● **Source material**:
============

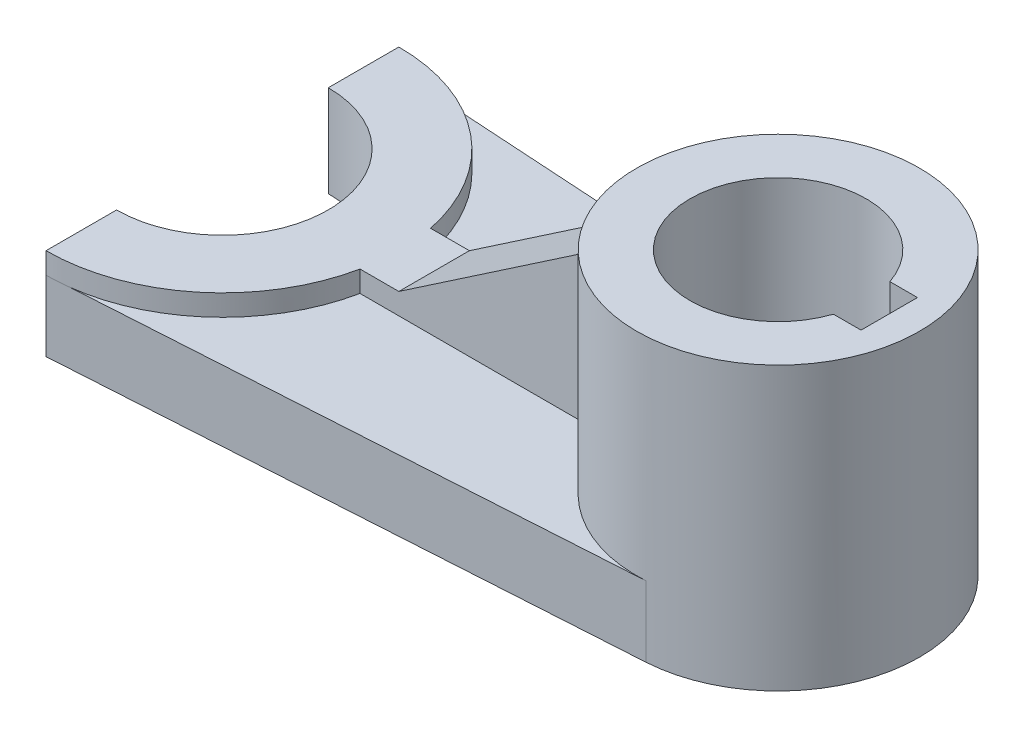
from build123d import *

# Parameters (mm, degrees)
EXTRUDE_6_DEPTH         = 10
CUT_EXTRUDE_START       = -10
CUT_EXTRUDE_3_DEPTH     = 10
EXTRUDE_3_DEPTH         = 3
SKETCH_20_R             = 20.039024427
EXTRUDE_7_DEPTH         = 30
RIB_START               = -5
RIB_1_DEPTH             = 10
HOLE_WIZARD_25_0_25_1_D = 25
SKETCH_24_W             = 14.5
SKETCH_24_H             = 8
CUT_EXTRUDE_4_DEPTH     = 93.870878105


# Read off the part's stored shape, not the designer's step: 切除-拉伸3, 筋1
with BuildPart() as part:
    # 草图17 → 凸台-拉伸6 (new body)
    with BuildSketch(Plane(origin=(0, 0, 0), x_dir=(1, 0, 0), z_dir=(0, 1, 0))):
        with BuildLine():
            Line((-80, 25), (-80, -25))
            Line((-80, -25), (0, -20))
            ThreePointArc((0, -20), (18.789024427, 0), (0, 20))
            Line((0, 20), (-80, 25))
        make_face()
    extrude(amount=EXTRUDE_6_DEPTH)

    # 切除-拉伸3 outline → 切除-拉伸3 (cut)
    with BuildSketch(Plane(origin=(0, 10, 0), x_dir=(1, 0, 0), z_dir=(0, 1, 0)).offset(CUT_EXTRUDE_START)):
        with BuildLine():
            ThreePointArc((-80, -15), (-65, 0), (-80, 15))
            Line((-80, 15), (-80, -15))
        make_face()
    extrude(amount=CUT_EXTRUDE_3_DEPTH, mode=Mode.SUBTRACT)

    # 草图19 → 拉伸-薄壁3 (add)
    with BuildSketch(Plane(origin=(0, 10, 0), x_dir=(1, 0, 0), z_dir=(0, 1, 0))):
        with BuildLine():
            ThreePointArc((-80, 25), (-55, 0), (-80, -25))
            Line((-80, -25), (-80, -15))
            ThreePointArc((-80, -15), (-65, 0), (-80, 15))
            Line((-80, 15), (-80, 25))
        make_face()
    extrude(amount=EXTRUDE_3_DEPTH)

    # 草图20 → 凸台-拉伸7 (add)
    with BuildSketch(Plane(origin=(0, 10, 0), x_dir=(1, 0, 0), z_dir=(0, 1, 0))):
        with Locations(Location((-1.25, 0, 0), (0, 0, 86.423665625))):
            Circle(SKETCH_20_R)
    extrude(amount=EXTRUDE_7_DEPTH)

    # 筋1 outline → 筋1 (add)
    with BuildSketch(Plane.XY.offset(RIB_START)):
        Polygon((-20.65521837, 32.930470155), (-50, 13), (-57, 13), (-57, 10), (-19, 10), (-19, 34), (-19.080487844, 34), align=None)
    extrude(amount=RIB_1_DEPTH)

    # Ø25.0 (25) 直径孔1 (through all)
    with Locations(Plane(origin=(0, 40, 0), x_dir=(1, 0, 0), z_dir=(0, 1, 0))):
        with Locations((-1.25, 0)):
            Hole(HOLE_WIZARD_25_0_25_1_D / 2)

    # 草图24 → 切除-拉伸4 (cut, through all)
    with BuildSketch(Plane(origin=(0, 40, 0), x_dir=(1, 0, 0), z_dir=(0, 1, 0))):
        with Locations((7.25, 0)):
            Rectangle(SKETCH_24_W, SKETCH_24_H)
    extrude(amount=-CUT_EXTRUDE_4_DEPTH, mode=Mode.SUBTRACT)


solid = part.part

============

Starting at the first line of the entries, restate word for word everything through the line that holds "# Ø25.0 (25) 直径孔1 (through all)", both ends included, but omit any pictures.

● **Written answer**:
from build123d import *

# Parameters (mm, degrees)
EXTRUDE_6_DEPTH         = 10
CUT_EXTRUDE_START       = -10
CUT_EXTRUDE_3_DEPTH     = 10
EXTRUDE_3_DEPTH         = 3
SKETCH_20_R             = 20.039024427
EXTRUDE_7_DEPTH         = 30
RIB_START               = -5
RIB_1_DEPTH             = 10
HOLE_WIZARD_25_0_25_1_D = 25
SKETCH_24_W             = 14.5
SKETCH_24_H             = 8
CUT_EXTRUDE_4_DEPTH     = 93.870878105


# Read off the part's stored shape, not the designer's step: 切除-拉伸3, 筋1
with BuildPart() as part:
    # 草图17 → 凸台-拉伸6 (new body)
    with BuildSketch(Plane(origin=(0, 0, 0), x_dir=(1, 0, 0), z_dir=(0, 1, 0))):
        with BuildLine():
            Line((-80, 25), (-80, -25))
            Line((-80, -25), (0, -20))
            ThreePointArc((0, -20), (18.789024427, 0), (0, 20))
            Line((0, 20), (-80, 25))
        make_face()
    extrude(amount=EXTRUDE_6_DEPTH)

    # 切除-拉伸3 outline → 切除-拉伸3 (cut)
    with BuildSketch(Plane(origin=(0, 10, 0), x_dir=(1, 0, 0), z_dir=(0, 1, 0)).offset(CUT_EXTRUDE_START)):
        with BuildLine():
            ThreePointArc((-80, -15), (-65, 0), (-80, 15))
            Line((-80, 15), (-80, -15))
        make_face()
    extrude(amount=CUT_EXTRUDE_3_DEPTH, mode=Mode.SUBTRACT)

    # 草图19 → 拉伸-薄壁3 (add)
    with BuildSketch(Plane(origin=(0, 10, 0), x_dir=(1, 0, 0), z_dir=(0, 1, 0))):
        with BuildLine():
            ThreePointArc((-80, 25), (-55, 0), (-80, -25))
            Line((-80, -25), (-80, -15))
            ThreePointArc((-80, -15), (-65, 0), (-80, 15))
            Line((-80, 15), (-80, 25))
        make_face()
    extrude(amount=EXTRUDE_3_DEPTH)

    # 草图20 → 凸台-拉伸7 (add)
    with BuildSketch(Plane(origin=(0, 10, 0), x_dir=(1, 0, 0), z_dir=(0, 1, 0))):
        with Locations(Location((-1.25, 0, 0), (0, 0, 86.423665625))):
            Circle(SKETCH_20_R)
    extrude(amount=EXTRUDE_7_DEPTH)

    # 筋1 outline → 筋1 (add)
    with BuildSketch(Plane.XY.offset(RIB_START)):
        Polygon((-20.65521837, 32.930470155), (-50, 13), (-57, 13), (-57, 10), (-19, 10), (-19, 34), (-19.080487844, 34), align=None)
    extrude(amount=RIB_1_DEPTH)

    # Ø25.0 (25) 直径孔1 (through all)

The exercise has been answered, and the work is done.